Investigation of Psychometric Properties of Scales with Missing Data Techniques for Different Sample Sizes and Missing Data Patterns
Citation
Akbas, U., & Tavsancil, E. (2015). Investigation of Psychometric Properties of Scales with Missing Data Techniques for Different Sample Sizes and Missing Data Patterns. JOURNAL OF MEASUREMENT AND EVALUATION IN EDUCATION AND PSYCHOLOGY-EPOD, 6, 1, 38-57.Abstract
The purpose of this study is to investigate the psychometric properties of scales with different missing data techniques. For this purpose 100 data sets were generated under different conditions of sample sizes (250, 500 and 1000) and number of items (10 and 15), respectively.

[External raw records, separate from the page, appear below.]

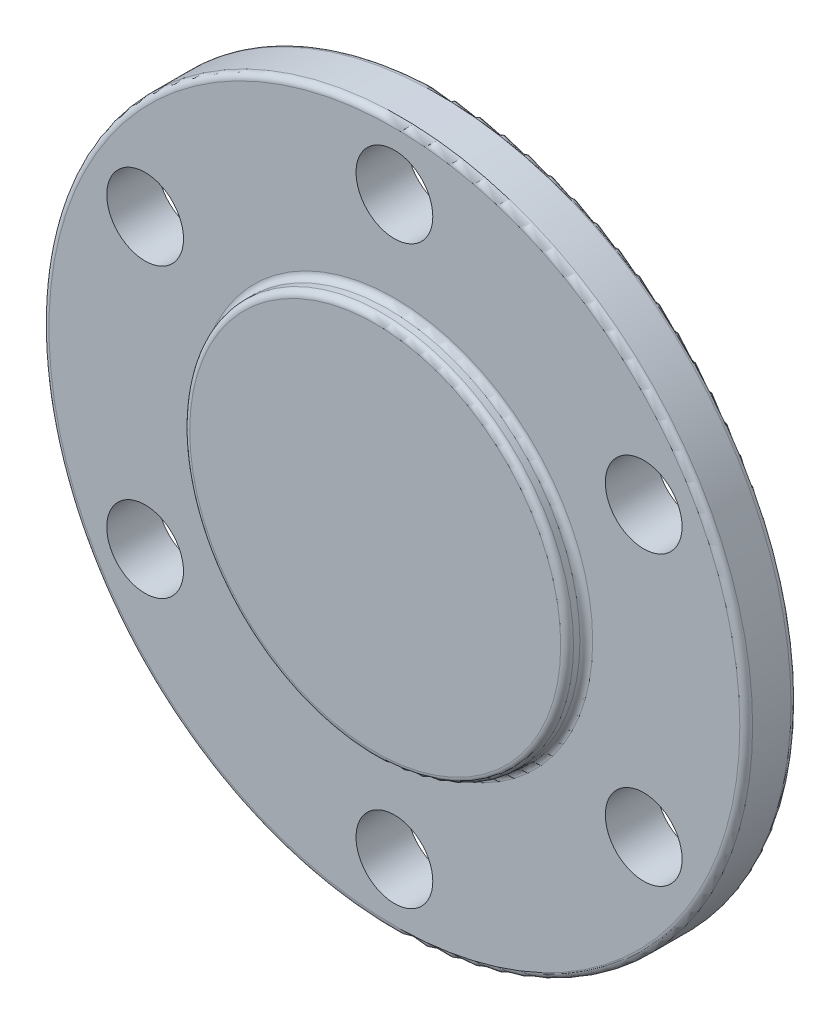
from build123d import *

# Parameters (mm, degrees)
SKETCH1_R           = 27.5
SKETCH1_R_2         = 3
BOSS_EXTRUDE1_DEPTH = 2
SKETCH2_R           = 15
BOSS_EXTRUDE2_DEPTH = 1.5
SKETCH3_R           = 10
BOSS_EXTRUDE3_DEPTH = 3
FILLET1_R           = 0.5


with BuildPart() as part:
    # Sketch1 → Boss-Extrude1 (new, symmetric)
    with BuildSketch(Plane.XY):
        Circle(SKETCH1_R)
        with Locations((0, 22.5)):
            Circle(SKETCH1_R_2, mode=Mode.SUBTRACT)
        with Locations((19.485571585, 11.25)):
            Circle(SKETCH1_R_2, mode=Mode.SUBTRACT)
        with Locations((19.485571585, -11.25)):
            Circle(SKETCH1_R_2, mode=Mode.SUBTRACT)
        with Locations((0, -22.5)):
            Circle(SKETCH1_R_2, mode=Mode.SUBTRACT)
        with Locations((-19.485571585, -11.25)):
            Circle(SKETCH1_R_2, mode=Mode.SUBTRACT)
        with Locations((-19.485571585, 11.25)):
            Circle(SKETCH1_R_2, mode=Mode.SUBTRACT)
    extrude(amount=BOSS_EXTRUDE1_DEPTH, both=True)

    # Sketch2 → Boss-Extrude2 (add)
    with BuildSketch(Plane.XY.offset(2)):
        Circle(SKETCH2_R)
    extrude(amount=BOSS_EXTRUDE2_DEPTH)

    # Sketch3 → Boss-Extrude3 (add)
    with BuildSketch(Plane(origin=(0, 0, -2), x_dir=(-1, 0, 0), z_dir=(0, 0, -1))):
        with Locations(Location((0, 0, 0), (0, 0, 180))):
            Circle(SKETCH3_R)
    extrude(amount=BOSS_EXTRUDE3_DEPTH)

    # Fillet1
    fillet1_edges = [part.edges().sort_by_distance(p)[0] for p in [
        (-27.5, 0, -2),
        (-15, 0, 2),
        (-15, 0, 3.5),
        (-10, 0, -2),
        (-10, 0, -5),
        (-27.5, 0, 2),
    ]]
    fillet(fillet1_edges, radius=FILLET1_R)


solid = part.part
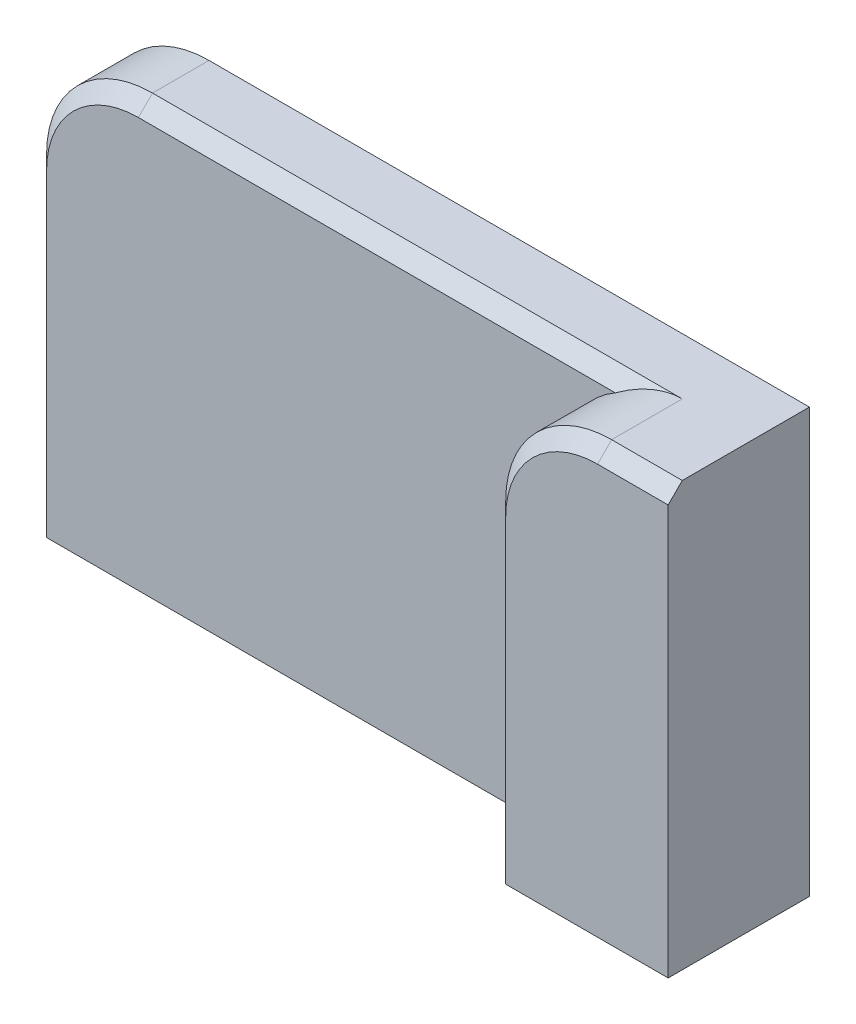
from build123d import *

# Parameters (mm, degrees)
SKETCH1_W           = 5
SKETCH1_H           = 3
BOSS_EXTRUDE1_DEPTH = 0.5
SKETCH2_W           = 1.25
SKETCH2_H           = 3
BOSS_EXTRUDE3_DEPTH = 0.5
FILLET1_R           = 0.75
CHAMFER1_SIZE       = 0.1


with BuildPart() as part:
    # Sketch1 → Boss-Extrude1 (new body)
    with BuildSketch(Plane.XY):
        with Locations((2.5, 1.5)):
            Rectangle(SKETCH1_W, SKETCH1_H)
    extrude(amount=BOSS_EXTRUDE1_DEPTH)

    # Sketch2 → Boss-Extrude3 (add)
    with BuildSketch(Plane.XY.offset(0.5)):
        with Locations((4.375, 1.5)):
            Rectangle(SKETCH2_W, SKETCH2_H)
    extrude(amount=BOSS_EXTRUDE3_DEPTH)

    # Fillet1
    fillet1_edges = [part.edges().sort_by_distance(p)[0] for p in [
        (3.75, 3, 0.75),
        (0, 3, 0.25),
    ]]
    fillet(fillet1_edges, radius=FILLET1_R)

    # Chamfer1
    chamfer1_edges = [part.edges().sort_by_distance(p)[0] for p in [
        (2.625, 3, 0.5),
        (4.75, 3, 1),
        (3.75, 1.125, 1),
        (3.969669914, 2.780330086, 1),
        (0, 1.125, 0.5),
        (0.219669914, 2.780330086, 0.5),
    ]]
    chamfer(chamfer1_edges, length=CHAMFER1_SIZE)


solid = part.part
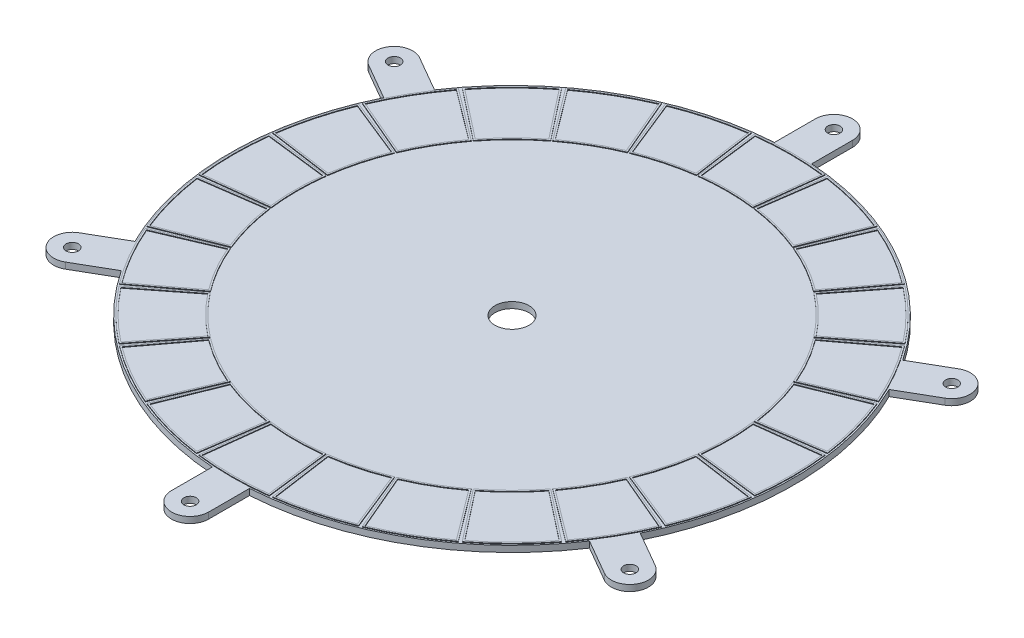
from build123d import *

# Parameters (mm, degrees)
SKETCH1_R           = 10
SKETCH1_R_2         = 27.5
BOSS_EXTRUDE1_DEPTH = 5
BOSS_EXTRUDE3_DEPTH = 1


with BuildPart() as part:
    # Sketch1 → Boss-Extrude1 (new, symmetric)
    with BuildSketch(Plane(origin=(0, 0, 0), x_dir=(1, 0, 0), z_dir=(0, 1, 0))):
        with BuildLine():
            Line((-30, 454.009911786), (-30, 520))
            ThreePointArc((-30, 520), (0, 550), (30, 520))
            Line((30, 520), (30, 454.009911786))
            ThreePointArc((30, 454.009911786), (227.5, 394.041558722), (378.184117177, 252.985718007))
            Line((378.184117177, 252.985718007), (435.333209968, 285.980762114))
            ThreePointArc((435.333209968, 285.980762114), (476.313972081, 275), (465.333209968, 234.019237886))
            Line((465.333209968, 234.019237886), (408.184117177, 201.02419378))
            ThreePointArc((408.184117177, 201.02419378), (455, 0), (408.184117177, -201.02419378))
            Line((408.184117177, -201.02419378), (465.333209968, -234.019237886))
            ThreePointArc((465.333209968, -234.019237886), (476.313972081, -275), (435.333209968, -285.980762114))
            Line((435.333209968, -285.980762114), (378.184117177, -252.985718007))
            ThreePointArc((378.184117177, -252.985718007), (227.5, -394.041558722), (30, -454.009911786))
            Line((30, -454.009911786), (30, -520))
            ThreePointArc((30, -520), (0, -550), (-30, -520))
            Line((-30, -520), (-30, -454.009911786))
            ThreePointArc((-30, -454.009911786), (-227.5, -394.041558722), (-378.184117177, -252.985718007))
            Line((-378.184117177, -252.985718007), (-435.333209968, -285.980762114))
            ThreePointArc((-435.333209968, -285.980762114), (-476.313972081, -275), (-465.333209968, -234.019237886))
            Line((-465.333209968, -234.019237886), (-408.184117177, -201.02419378))
            ThreePointArc((-408.184117177, -201.02419378), (-455, 0), (-408.184117177, 201.02419378))
            Line((-408.184117177, 201.02419378), (-465.333209968, 234.019237886))
            ThreePointArc((-465.333209968, 234.019237886), (-476.313972081, 275), (-435.333209968, 285.980762114))
            Line((-435.333209968, 285.980762114), (-378.184117177, 252.985718007))
            ThreePointArc((-378.184117177, 252.985718007), (-227.5, 394.041558722), (-30, 454.009911786))
        make_face()
        with Locations(Location((0, 520, 0), (0, 0, 270))):
            Circle(SKETCH1_R, mode=Mode.SUBTRACT)
        with Locations(Location((450.333209968, 260, 0), (0, 0, 270))):
            Circle(SKETCH1_R, mode=Mode.SUBTRACT)
        with Locations(Location((450.333209968, -260, 0), (0, 0, 270))):
            Circle(SKETCH1_R, mode=Mode.SUBTRACT)
        with Locations(Location((0, -520, 0), (0, 0, 270))):
            Circle(SKETCH1_R, mode=Mode.SUBTRACT)
        with Locations(Location((-450.333209968, -260, 0), (0, 0, 270))):
            Circle(SKETCH1_R, mode=Mode.SUBTRACT)
        with Locations(Location((-450.333209968, 260, 0), (0, 0, 270))):
            Circle(SKETCH1_R, mode=Mode.SUBTRACT)
        with Locations(Location((0, 0, 0), (0, 0, 270))):
            Circle(SKETCH1_R_2, mode=Mode.SUBTRACT)
    extrude(amount=BOSS_EXTRUDE1_DEPTH, both=True)

    # Sketch3 → Boss-Extrude3 (add)
    # profile 1 of 24: a face of its own
    with BuildSketch(Plane(origin=(0, 5, 0), x_dir=(1, 0, 0), z_dir=(0, 1, 0))):
        with BuildLine():
            Line((-56.781105994, 448.923329759), (-44.180855579, 344.67999942))
            ThreePointArc((-44.180855579, 344.67999942), (0, 347.5), (44.180855579, 344.67999942))
            Line((44.180855579, 344.67999942), (56.781105994, 448.923329759))
            ThreePointArc((56.781105994, 448.923329759), (0, 452.5), (-56.781105994, 448.923329759))
        make_face()
        with BuildLine():
            Line((-54, 446.748251256), (-42, 347.470862088))
            ThreePointArc((-42, 347.470862088), (0, 350), (42, 347.470862088))
            Line((42, 347.470862088), (54, 446.748251256))
            ThreePointArc((54, 446.748251256), (0, 450), (-54, 446.748251256))
        make_face(mode=Mode.SUBTRACT)
    # profile 2 of 24: a face of its own
    with BuildSketch(Plane(origin=(0, 5, 0), x_dir=(1, 0, 0), z_dir=(0, 1, 0))):
        with BuildLine():
            Line((61.343570808, 448.322669871), (46.534318885, 344.370160098))
            ThreePointArc((46.534318885, 344.370160098), (89.939618173, 335.659224635), (131.885177747, 321.500466393))
            Line((131.885177747, 321.500466393), (171.036244257, 418.930606605))
            ThreePointArc((171.036244257, 418.930606605), (117.115617909, 437.081436396), (61.343570808, 448.322669871))
        make_face()
        with BuildLine():
            Line((63.466961172, 445.501902173), (49.363192022, 346.501479468))
            ThreePointArc((49.363192022, 346.501479468), (90.586665786, 338.074039201), (130.500961431, 324.760679679))
            Line((130.500961431, 324.760679679), (167.786950411, 417.549445302))
            ThreePointArc((167.786950411, 417.549445302), (116.468570296, 434.66662183), (63.466961172, 445.501902173))
        make_face(mode=Mode.SUBTRACT)
    # profile 3 of 24: a face of its own
    with BuildSketch(Plane(origin=(0, 5, 0), x_dir=(1, 0, 0), z_dir=(0, 1, 0))):
        with BuildLine():
            Line((175.287784634, 417.16956092), (134.078256418, 320.592063464))
            ThreePointArc((134.078256418, 320.592063464), (173.75, 300.943827815), (210.601743002, 276.411207885))
            Line((210.601743002, 276.411207885), (273.635545125, 360.388454926))
            ThreePointArc((273.635545125, 360.388454926), (226.25, 391.876495212), (175.287784634, 417.16956092))
        make_face()
        with BuildLine():
            Line((176.608753823, 413.895334684), (137.362364085, 321.918593643))
            ThreePointArc((137.362364085, 321.918593643), (175, 303.108891325), (210.108498003, 279.918593643))
            Line((210.108498003, 279.918593643), (270.139497432, 359.895334684))
            ThreePointArc((270.139497432, 359.895334684), (225, 389.711431703), (176.608753823, 413.895334684))
        make_face(mode=Mode.SUBTRACT)
    # profile 4 of 24: a face of its own
    with BuildSketch(Plane(origin=(0, 5, 0), x_dir=(1, 0, 0), z_dir=(0, 1, 0))):
        with BuildLine():
            Line((277.286425614, 357.587035797), (212.484982351, 274.966147508))
            ThreePointArc((212.484982351, 274.966147508), (245.719606462, 245.719606462), (274.966147508, 212.484982351))
            Line((274.966147508, 212.484982351), (357.587035797, 277.286425614))
            ThreePointArc((357.587035797, 277.286425614), (319.965818487, 319.965818487), (277.286425614, 357.587035797))
        make_face()
        with BuildLine():
            Line((277.714951762, 354.08248413), (216.000518037, 275.397487657))
            ThreePointArc((216.000518037, 275.397487657), (247.487373415, 247.487373415), (275.397487657, 216.000518037))
            Line((275.397487657, 216.000518037), (354.08248413, 277.714951762))
            ThreePointArc((354.08248413, 277.714951762), (318.198051534, 318.198051534), (277.714951762, 354.08248413))
        make_face(mode=Mode.SUBTRACT)
    # profile 5 of 24: a face of its own
    with BuildSketch(Plane(origin=(0, 5, 0), x_dir=(1, 0, 0), z_dir=(0, 1, 0))):
        with BuildLine():
            Line((360.388454926, 273.635545125), (276.411207885, 210.601743002))
            ThreePointArc((276.411207885, 210.601743002), (300.943827815, 173.75), (320.592063464, 134.078256418))
            Line((320.592063464, 134.078256418), (417.16956092, 175.287784634))
            ThreePointArc((417.16956092, 175.287784634), (391.876495212, 226.25), (360.388454926, 273.635545125))
        make_face()
        with BuildLine():
            Line((359.895334684, 270.139497432), (279.918593643, 210.108498003))
            ThreePointArc((279.918593643, 210.108498003), (303.108891325, 175), (321.918593643, 137.362364085))
            Line((321.918593643, 137.362364085), (413.895334684, 176.608753823))
            ThreePointArc((413.895334684, 176.608753823), (389.711431703, 225), (359.895334684, 270.139497432))
        make_face(mode=Mode.SUBTRACT)
    # profile 6 of 24: a face of its own
    with BuildSketch(Plane(origin=(0, 5, 0), x_dir=(1, 0, 0), z_dir=(0, 1, 0))):
        with BuildLine():
            Line((418.930606605, 171.036244257), (321.500466393, 131.885177747))
            ThreePointArc((321.500466393, 131.885177747), (335.659224635, 89.939618173), (344.370160098, 46.534318885))
            Line((344.370160098, 46.534318885), (448.322669871, 61.343570808))
            ThreePointArc((448.322669871, 61.343570808), (437.081436396, 117.115617909), (418.930606605, 171.036244257))
        make_face()
        with BuildLine():
            Line((417.549445302, 167.786950411), (324.760679679, 130.500961431))
            ThreePointArc((324.760679679, 130.500961431), (338.074039201, 90.586665786), (346.501479468, 49.363192022))
            Line((346.501479468, 49.363192022), (445.501902173, 63.466961172))
            ThreePointArc((445.501902173, 63.466961172), (434.66662183, 116.468570296), (417.549445302, 167.786950411))
        make_face(mode=Mode.SUBTRACT)
    # profile 7 of 24: a face of its own
    with BuildSketch(Plane(origin=(0, 5, 0), x_dir=(1, 0, 0), z_dir=(0, 1, 0))):
        with BuildLine():
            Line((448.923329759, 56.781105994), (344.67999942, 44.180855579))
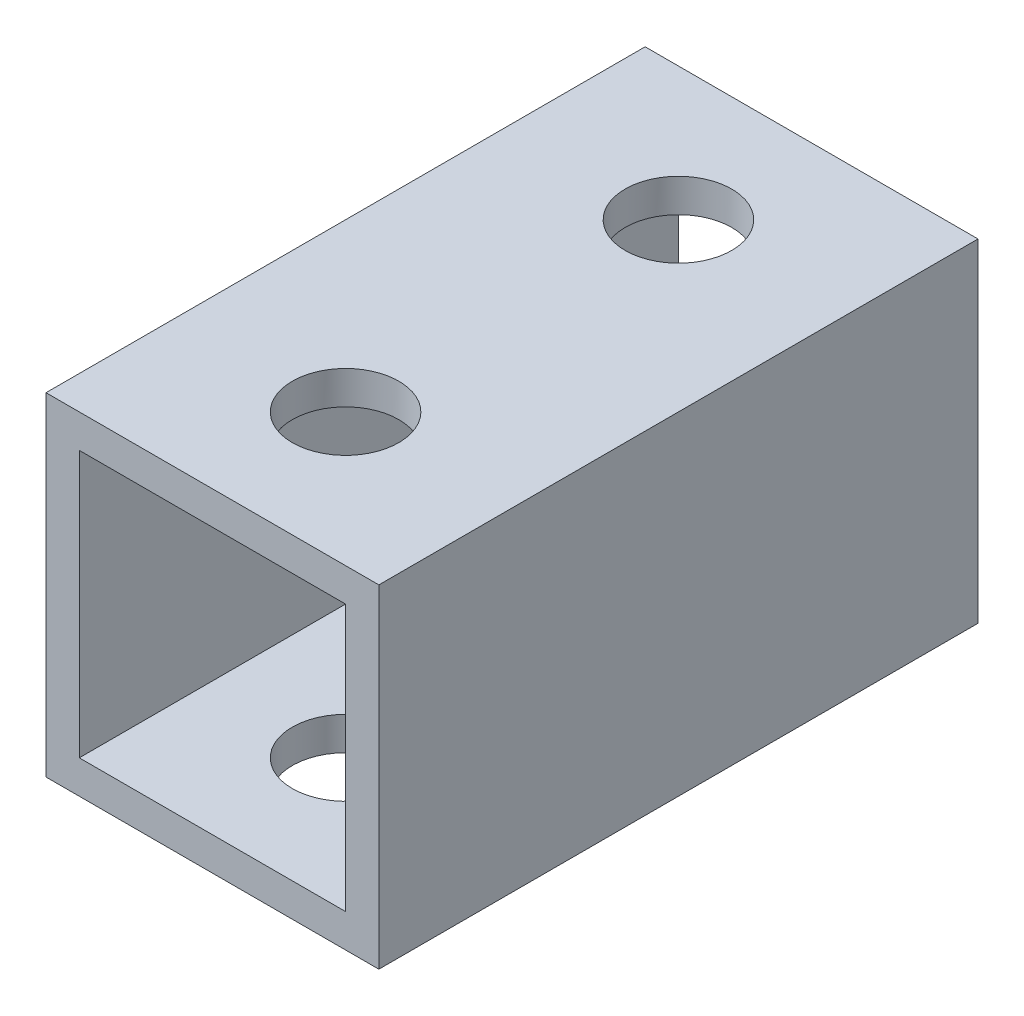
from build123d import *

# Parameters (mm, degrees)
SKETCH_282_W          = 10
SKETCH_282_H          = 10
SKETCH_282_W_2        = 8
SKETCH_282_H_2        = 8
EXTRUDE_339_DEPTH     = 18
SKETCH_411_R          = 1.6
CUT_EXTRUDE_764_DEPTH = 22.1896201


with BuildPart() as part:
    # Sketch 282 → Extrude 339 (new body)
    with BuildSketch(Plane.XY):
        Rectangle(SKETCH_282_W, SKETCH_282_H)
        Rectangle(SKETCH_282_W_2, SKETCH_282_H_2, mode=Mode.SUBTRACT)
    extrude(amount=EXTRUDE_339_DEPTH)

    # Sketch 411 → Cut-Extrude 764 (cut, through all)
    with BuildSketch(Plane(origin=(0, 5, 0), x_dir=(1, 0, 0), z_dir=(0, 1, 0))):
        with Locations(Location((0, -4, 0), (0, 0, 270))):
            Circle(SKETCH_411_R)
        with Locations(Location((0, -14, 0), (0, 0, 270))):
            Circle(SKETCH_411_R)
    extrude(amount=-CUT_EXTRUDE_764_DEPTH, mode=Mode.SUBTRACT)


solid = part.part

Data points were deleted under missing completely at random, missing at random and missing not at random conditions by two, five and ten percent. Listwise deletion, similar response pattern imputation based on Euclidian distance, stochastic regression imputation, expectation - maximization algorithm and multiple imputation were carried out on incomplete data sets. Bias of Cronbach alpha, McDonald omega and Omega(W) coefficients were investigated for reliability estimates. Extracted variances and D-2 statistic obtained by principal component analysis and different indices obtained by confirmatory factor analysis are investigated for validity. Results show that listwise deletion, which is often applied as a default missing data technique, may cause serious problems. On the other hand expectation - maximization algorithm and multiple imputation generally outperformed but none of the techniques are the best for all conditions.